Dalam pengembangan yang tidak terkait, Tel Aviv Stock Exchange (TASE), Accenture dan pusat inovasi The Floor mengumumkan pada awal Mei bahwa, mereka berencana untuk mengungkap platform peminjaman sekuritas blockchain baru yang didukung oleh Intel.

Ini jelas menunjukkan kesenjangan antara regulator karena masing-masing regulator, Kementerian Keuangan, Asosiasi Perbankan, dan Bursa Efek Tel Aviv, bergerak ke arah mereka sendiri..

Juga, baca: Korea Selatan Akan Membebankan Pajak 10% atas Penghasilan Bitcoin

Industri geram atas penundaan itu

Israel baru-baru ini melihat peningkatan aktivitas yang signifikan di industri kripto. Semua ini terjadi tanpa pengaturan peraturan yang ditetapkan oleh Bank Israel, dan tanpa instruksi yang tepat ke sistem perbankan mengenai bagaimana seharusnya menangani pelanggan cryptocurrency. Karena tidak ada aturan yang jelas untuk tindakan semacam itu, maka setiap bank telah menetapkan kebijakannya sendiri-sendiri, biasanya kebijakan ketat yang menyulitkan setiap kegiatan di bidang ini..

Perusahaan-perusahaan yang menjalankan bisnis terkait dengan cryptocurrency ini prihatin karena pesan ketidakpastian yang dikirim oleh penundaan regulasi ini dapat menyebabkan kelesuan dalam industri fintech Israel yang ada dan akan mencegah peluncuran perusahaan baru yang memperkenalkan solusi keuangan canggih.
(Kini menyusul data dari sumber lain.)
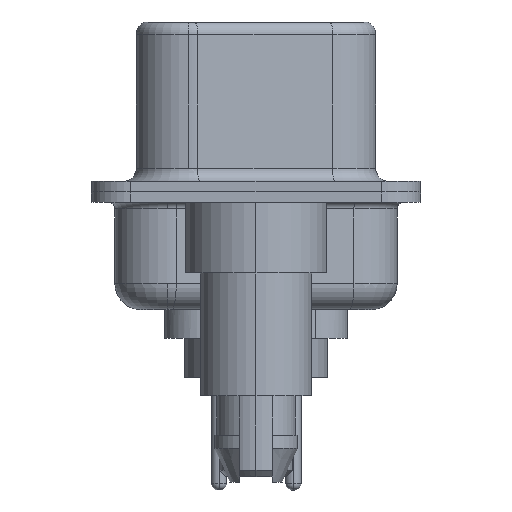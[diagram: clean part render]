
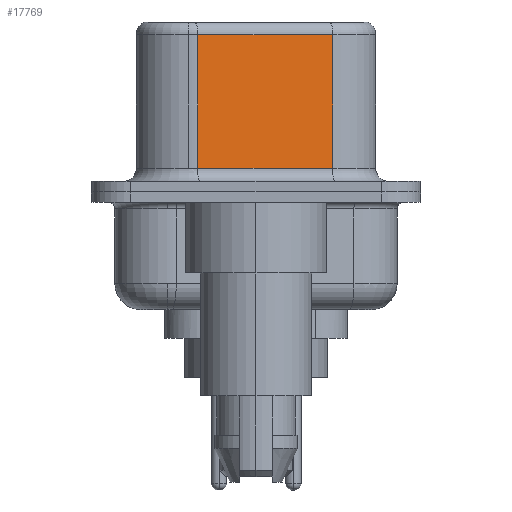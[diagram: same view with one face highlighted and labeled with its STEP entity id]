
A CAD part, left-side view. The second image highlights one B-rep face of the part: STEP entity #17769.
In plain terms, the highlighted planar face has unit normal (-0.985, -0.174, 0).
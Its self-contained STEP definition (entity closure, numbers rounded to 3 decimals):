
#384 = CARTESIAN_POINT ( 'NONE',  ( 3.675, 2.233, 6.52 ) ) ;
#507 = CARTESIAN_POINT ( 'NONE',  ( 3.675, 2.233, 0.9 ) ) ;
#524 = ORIENTED_EDGE ( 'NONE', *, *, #11435, .T. ) ;
#1158 = DIRECTION ( 'NONE',  ( -0.174, 0.985, 0. ) ) ;
#1485 = ORIENTED_EDGE ( 'NONE', *, *, #6784, .T. ) ;
#2310 = VERTEX_POINT ( 'NONE', #8733 ) ;
#2763 = EDGE_CURVE ( 'NONE', #10605, #2310, #15093, .T. ) ;
#4065 = AXIS2_PLACEMENT_3D ( 'NONE', #7595, #7666, #18629 ) ;
#4446 = VERTEX_POINT ( 'NONE', #507 ) ;
#4530 = VECTOR ( 'NONE', #19052, 1000. ) ;
#5321 = DIRECTION ( 'NONE',  ( 0.174, -0.985, 0. ) ) ;
#6459 = DIRECTION ( 'NONE',  ( 0., 0., -1. ) ) ;
#6676 = VERTEX_POINT ( 'NONE', #17091 ) ;
#6784 = EDGE_CURVE ( 'NONE', #2310, #4446, #7308, .T. ) ;
#6809 = FACE_OUTER_BOUND ( 'NONE', #17596, .T. ) ;
#7012 = ORIENTED_EDGE ( 'NONE', *, *, #14191, .F. ) ;
#7308 = LINE ( 'NONE', #384, #15154 ) ;
#7595 = CARTESIAN_POINT ( 'NONE',  ( 4.585, -2.927, 6.52 ) ) ;
#7666 = DIRECTION ( 'NONE',  ( 0.985, 0.174, 0. ) ) ;
#8090 = CARTESIAN_POINT ( 'NONE',  ( 4.585, -2.927, 6.52 ) ) ;
#8733 = CARTESIAN_POINT ( 'NONE',  ( 3.675, 2.233, 6.02 ) ) ;
#10605 = VERTEX_POINT ( 'NONE', #10881 ) ;
#10881 = CARTESIAN_POINT ( 'NONE',  ( 4.585, -2.927, 6.02 ) ) ;
#11020 = CARTESIAN_POINT ( 'NONE',  ( 4.585, -2.927, 0.9 ) ) ;
#11363 = VECTOR ( 'NONE', #5321, 1000. ) ;
#11435 = EDGE_CURVE ( 'NONE', #4446, #6676, #15498, .T. ) ;
#12813 = LINE ( 'NONE', #8090, #4530 ) ;
#13718 = ORIENTED_EDGE ( 'NONE', *, *, #2763, .T. ) ;
#13885 = PLANE ( 'NONE',  #4065 ) ;
#14191 = EDGE_CURVE ( 'NONE', #10605, #6676, #12813, .T. ) ;
#15093 = LINE ( 'NONE', #18754, #19797 ) ;
#15154 = VECTOR ( 'NONE', #6459, 1000. ) ;
#15498 = LINE ( 'NONE', #11020, #11363 ) ;
#17091 = CARTESIAN_POINT ( 'NONE',  ( 4.585, -2.927, 0.9 ) ) ;
#17596 = EDGE_LOOP ( 'NONE', ( #7012, #13718, #1485, #524 ) ) ;
#17769 = ADVANCED_FACE ( 'NONE', ( #6809 ), #13885, .F. ) ;
#18629 = DIRECTION ( 'NONE',  ( -0.174, 0.985, 0. ) ) ;
#18754 = CARTESIAN_POINT ( 'NONE',  ( 4.585, -2.927, 6.02 ) ) ;
#19052 = DIRECTION ( 'NONE',  ( 0., 0., -1. ) ) ;
#19797 = VECTOR ( 'NONE', #1158, 1000. ) ;

Sebagian besar perusahaan rintisan ini sedang atau berencana mengumpulkan uang dari investor. Jika hal ini terus berlanjut, investor kemungkinan akan menarik dana yang akan mengurangi sentimen investor dengan penundaan tersebut.

Mengutip beberapa suara industri, Jacob Enoch, kepala M&A di M. Firon & Co dan salah satu ketua komite Asosiasi Pengacara Israel untuk blockchain dan cryptocurrency, dikutip mengatakan:

“Keputusan pada menit-menit terakhir untuk menunda berlakunya undang-undang baru itu sangat dramatis. Tidak ada keraguan bahwa keputusan ini berada di tangan lembaga keuangan besar, yang, dapat dimaklumi, takut akan persaingan yang pasti akan dihasilkan oleh masuknya ke sektor perusahaan tekfin yang teregulasi. ”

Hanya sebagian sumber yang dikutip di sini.